What this script checks

It tests the two comparisons that matter:

  1. Per-sequence hidden states

    • padded path vs packed path
    • aligned correctly for left padding
  2. Final pooled embeddings

    • takes the last valid token for each sequence
    • L2-normalizes
    • reports cosine similarity and absolute differences

How to read the output

For the BF16 + FlashAttention2 block, the usual healthy pattern is:

  • max_abs on hidden states is not zero
  • allclose=True often holds with atol=1e-2, rtol=1e-2
  • pooled embedding cosine is very close to 1.0

For the FP32 + eager block, differences should usually be smaller.

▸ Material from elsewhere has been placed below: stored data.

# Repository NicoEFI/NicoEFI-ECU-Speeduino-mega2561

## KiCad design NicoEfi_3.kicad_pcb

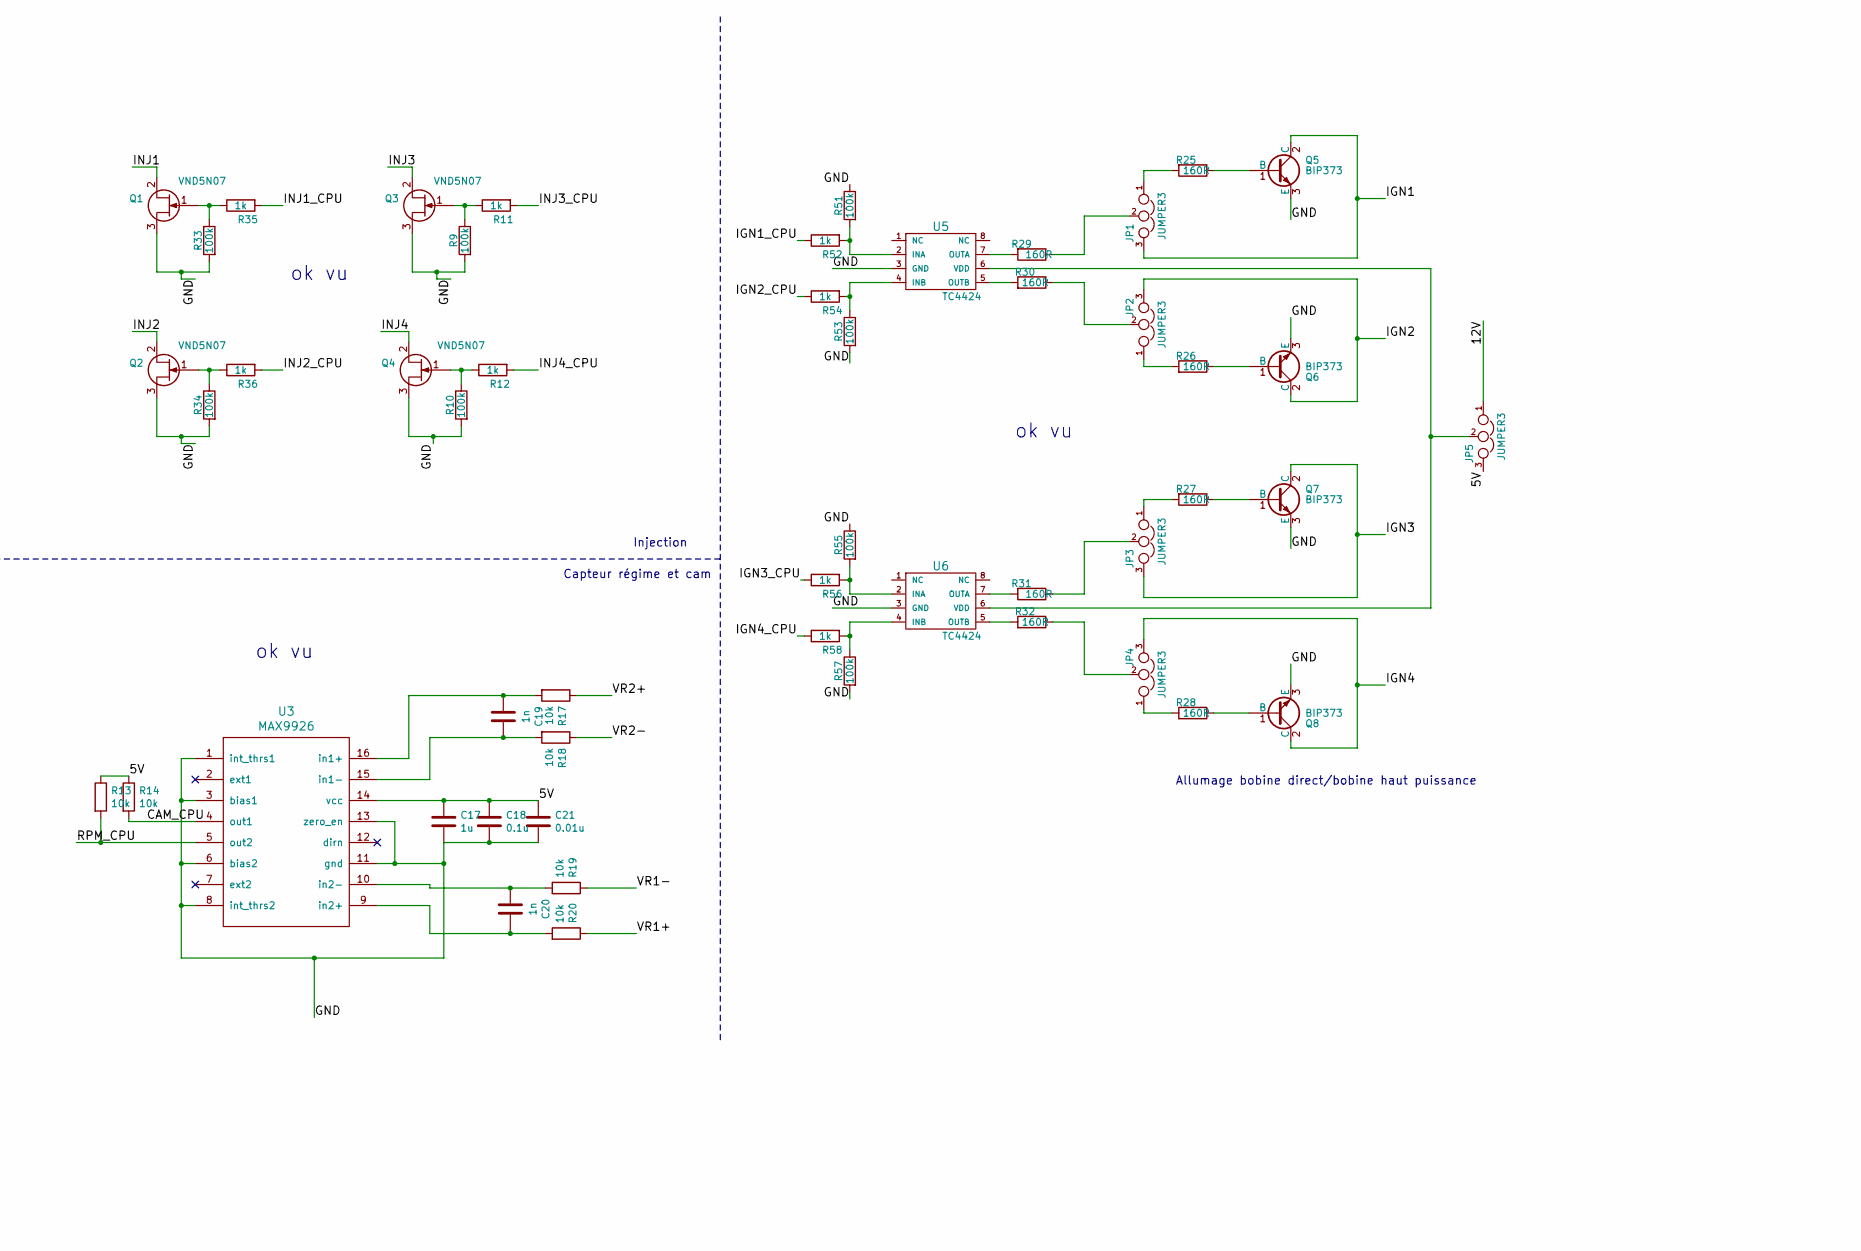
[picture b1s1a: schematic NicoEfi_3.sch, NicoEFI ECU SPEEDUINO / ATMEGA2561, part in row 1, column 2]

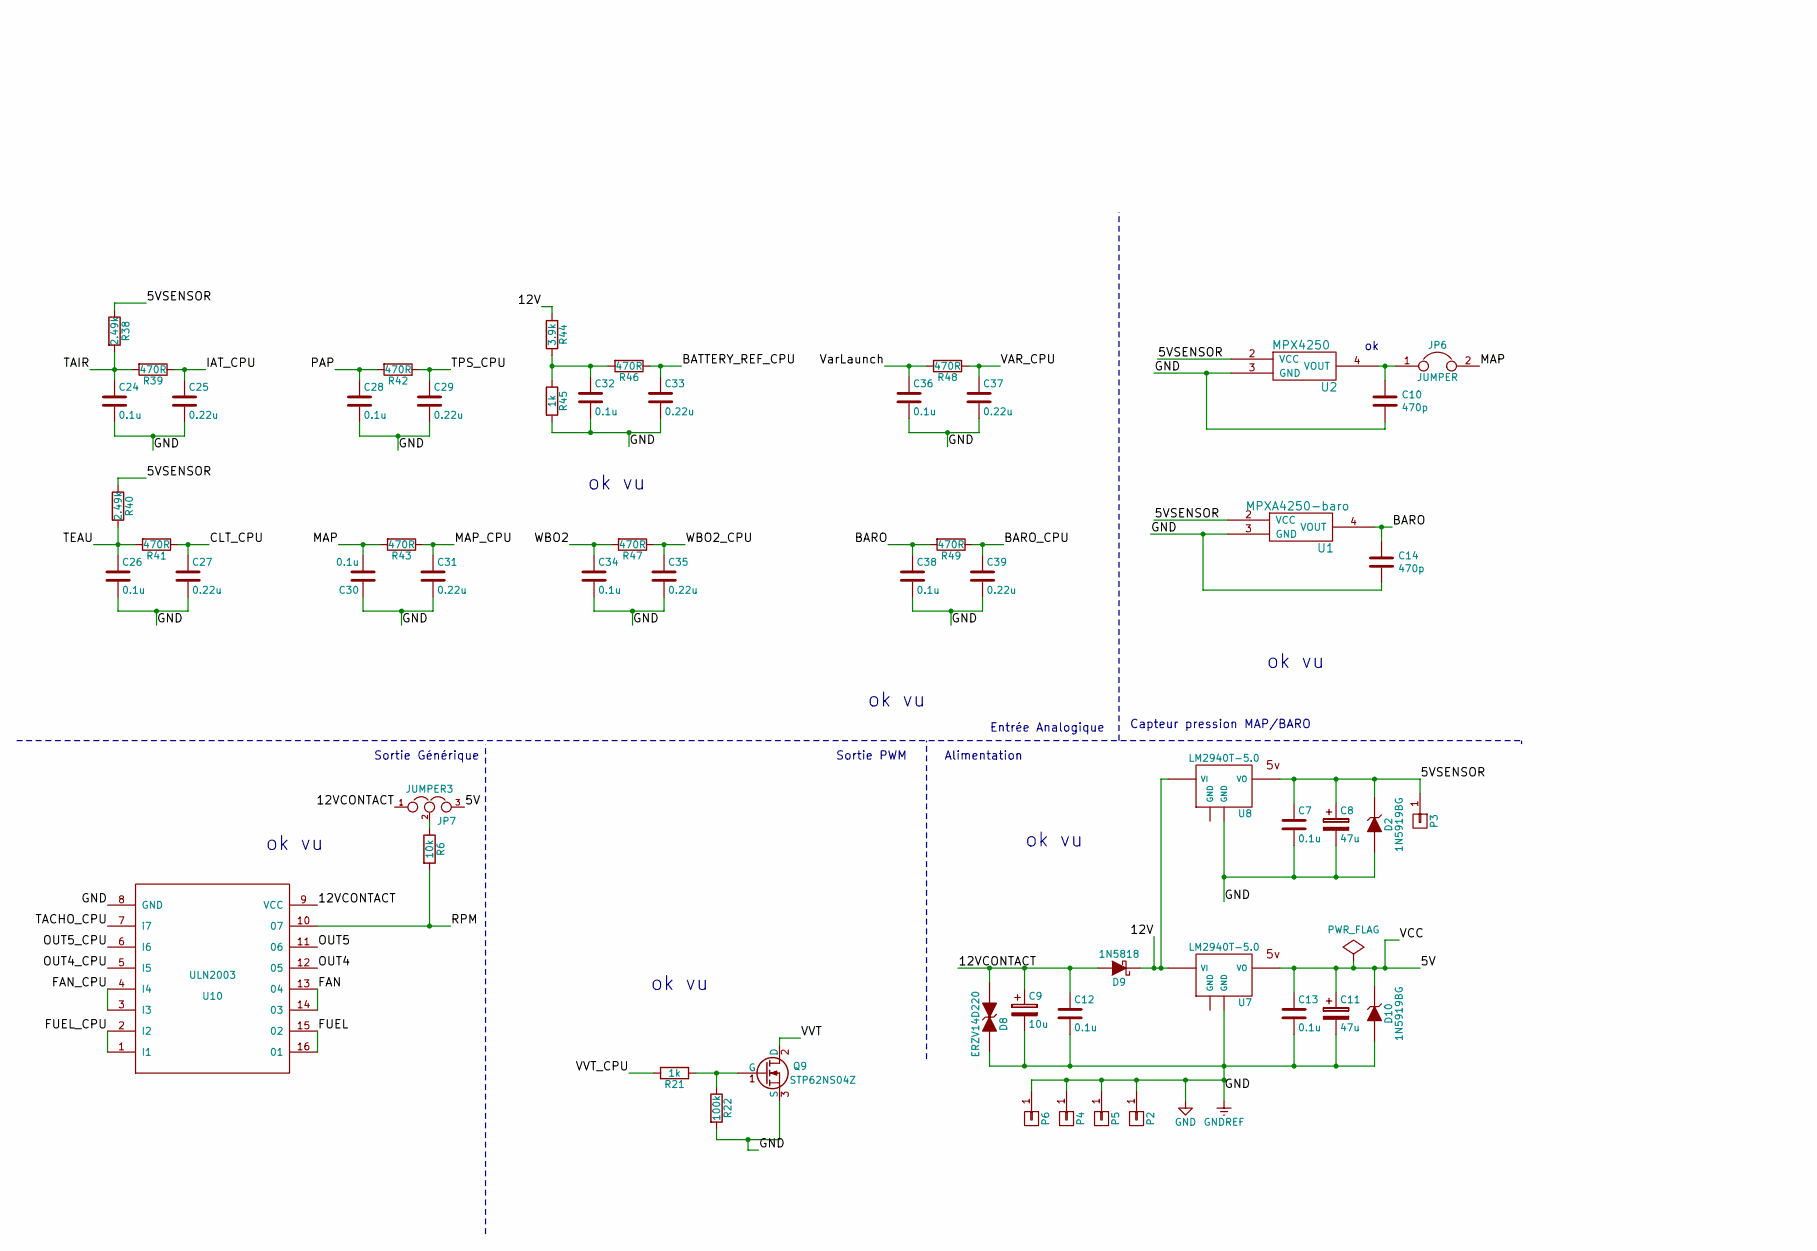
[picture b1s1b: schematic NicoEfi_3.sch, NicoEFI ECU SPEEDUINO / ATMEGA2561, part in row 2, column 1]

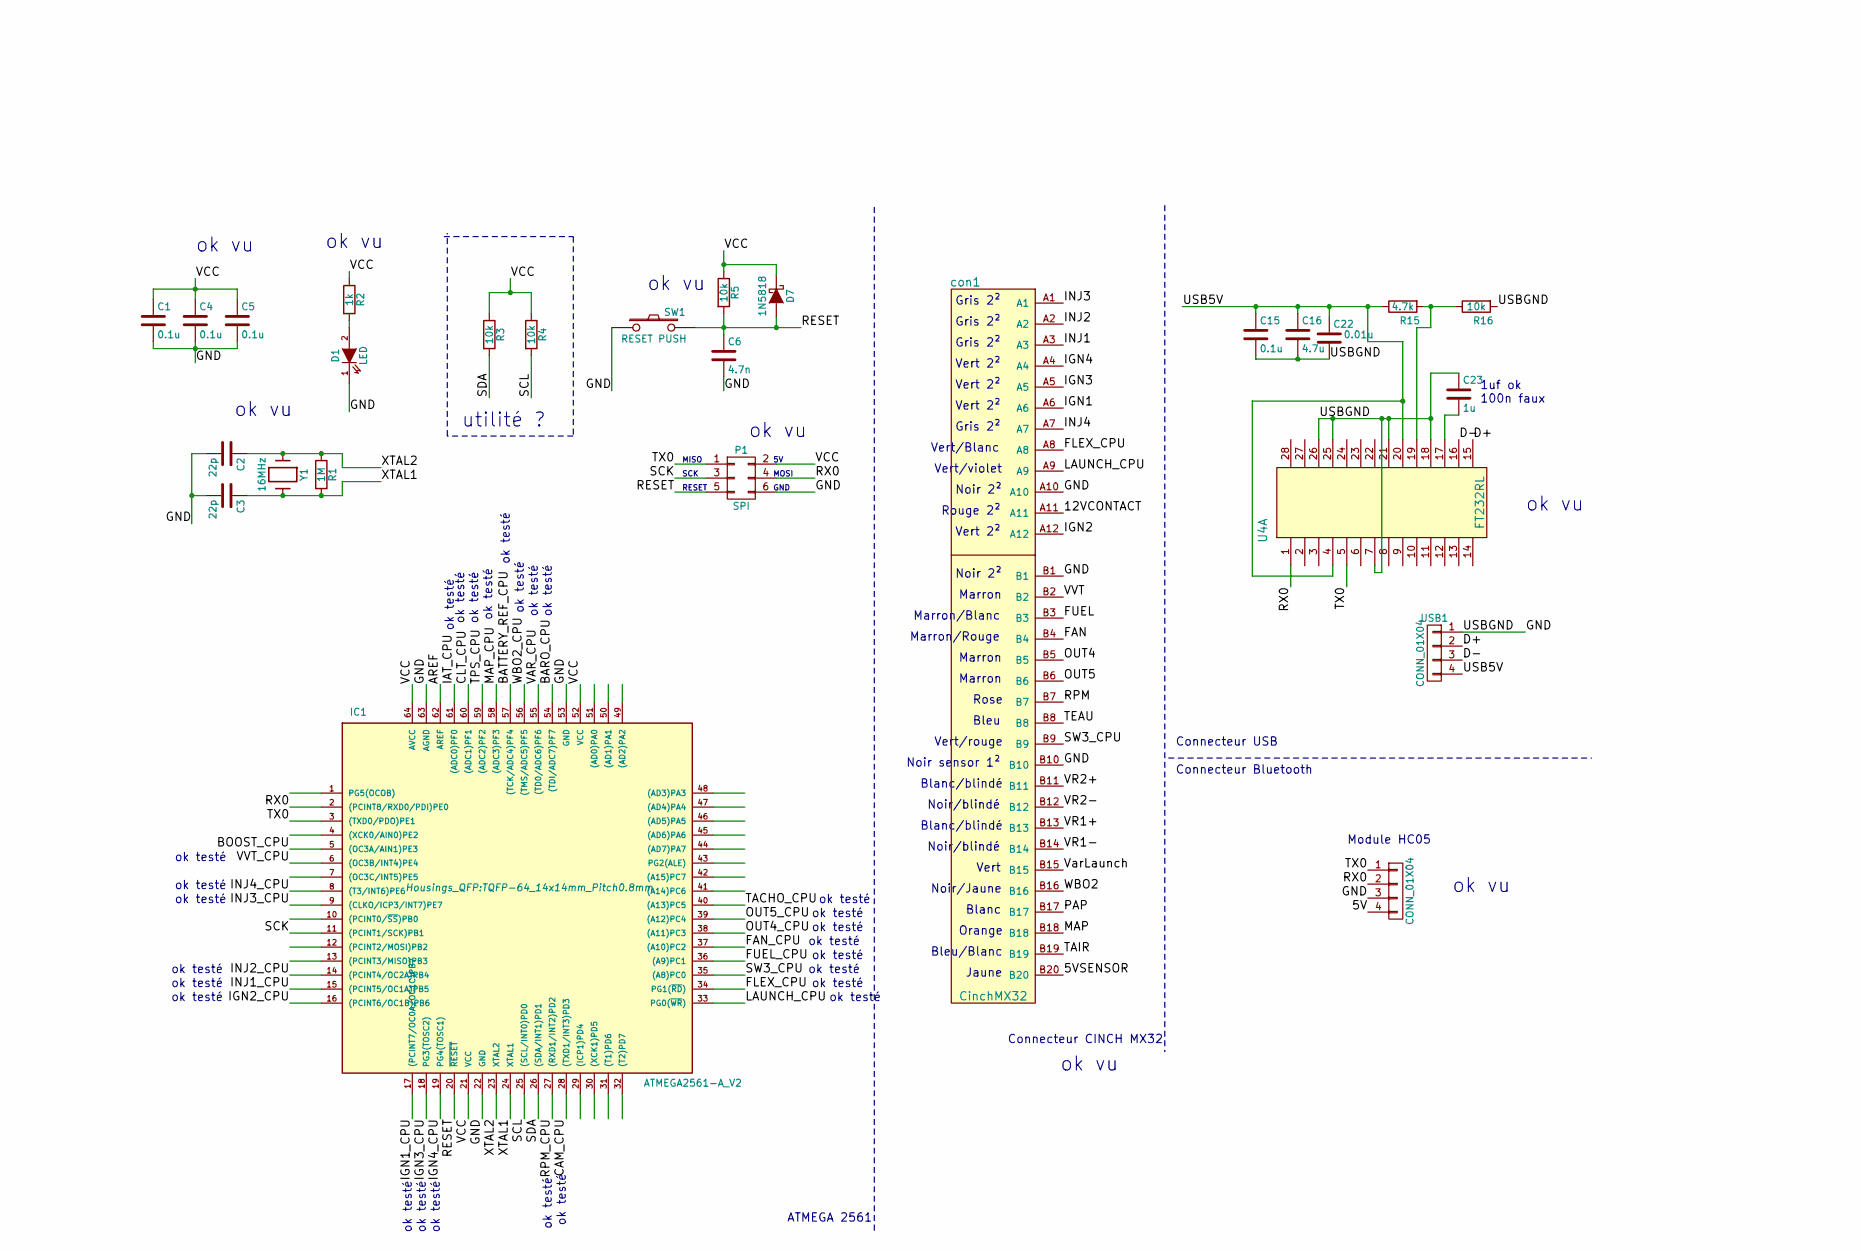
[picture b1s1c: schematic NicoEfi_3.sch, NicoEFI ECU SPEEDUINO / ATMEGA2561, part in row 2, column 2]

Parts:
C1, C4, C5, C7, C12, C13, C15, C18, C24, C26, C28, C30, C32, C34, C36, C38: 0.1u; C_1206_HandSoldering
C2, C3: 22p; C_1206_HandSoldering
C6: 4.7n; C_1206_HandSoldering
C8, C11: 47u; TantalC_SizeC_EIA-6032
C9: 10u; TantalC_SizeC_EIA-6032
C10, C14: 470p; C_1206_HandSoldering
C16: 4.7u; C_1206_HandSoldering
C17, C23: 1u; C_1206_HandSoldering
C19, C20: 1n; C_1206_HandSoldering
C21, C22: 0.01u; C_1206_HandSoldering
C25, C27, C29, C31, C33, C35, C37, C39: 0.22u; C_1206_HandSoldering
D1: LED; LED_1206
D2, D10: 1N5919BG; do214ac
D7, D9: 1N5818; SOD-123
D8: ERZV14D220; C_Disc_D7.5_P5
HC5: CONN_01X04; Pin_Header_Straight_1x04
IC1: ATMEGA2561-A_V2; TQFP-64_14x14mm_Pitch0.8mm
JP1, JP2, JP3, JP4, JP5, JP7: JUMPER3; Pin_Header_Straight_1x03
JP6: JUMPER; Pin_Header_Straight_1x02
P1: SPI; Pin_Header_Straight_2x03
P2, P3: CONN_01X01; SolderWirePad_2x_0-8mmDrill
P4, P5, P6: CONN_01X01; SolderWirePad_single_0-8mmDrill
Q1, Q2, Q3, Q4: VND5N07
Q5, Q6, Q7, Q8: BIP373; TO-220_Neutral123_Vertical
Q9: STP62NS04Z; TO-220_Neutral123_Vertical
R1: 1M; R_1206_HandSoldering
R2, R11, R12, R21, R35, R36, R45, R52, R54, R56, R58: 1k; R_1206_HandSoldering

If FP32/eager matches closely but BF16/FA2 shows only slight drift, that points to expected numeric behavior rather than a packing bug.

Two small but important fixes compared with your original snippet

  • It uses the same truncation settings in both paths.
  • It compares the correct slices for each sequence instead of eyeballing full tensors.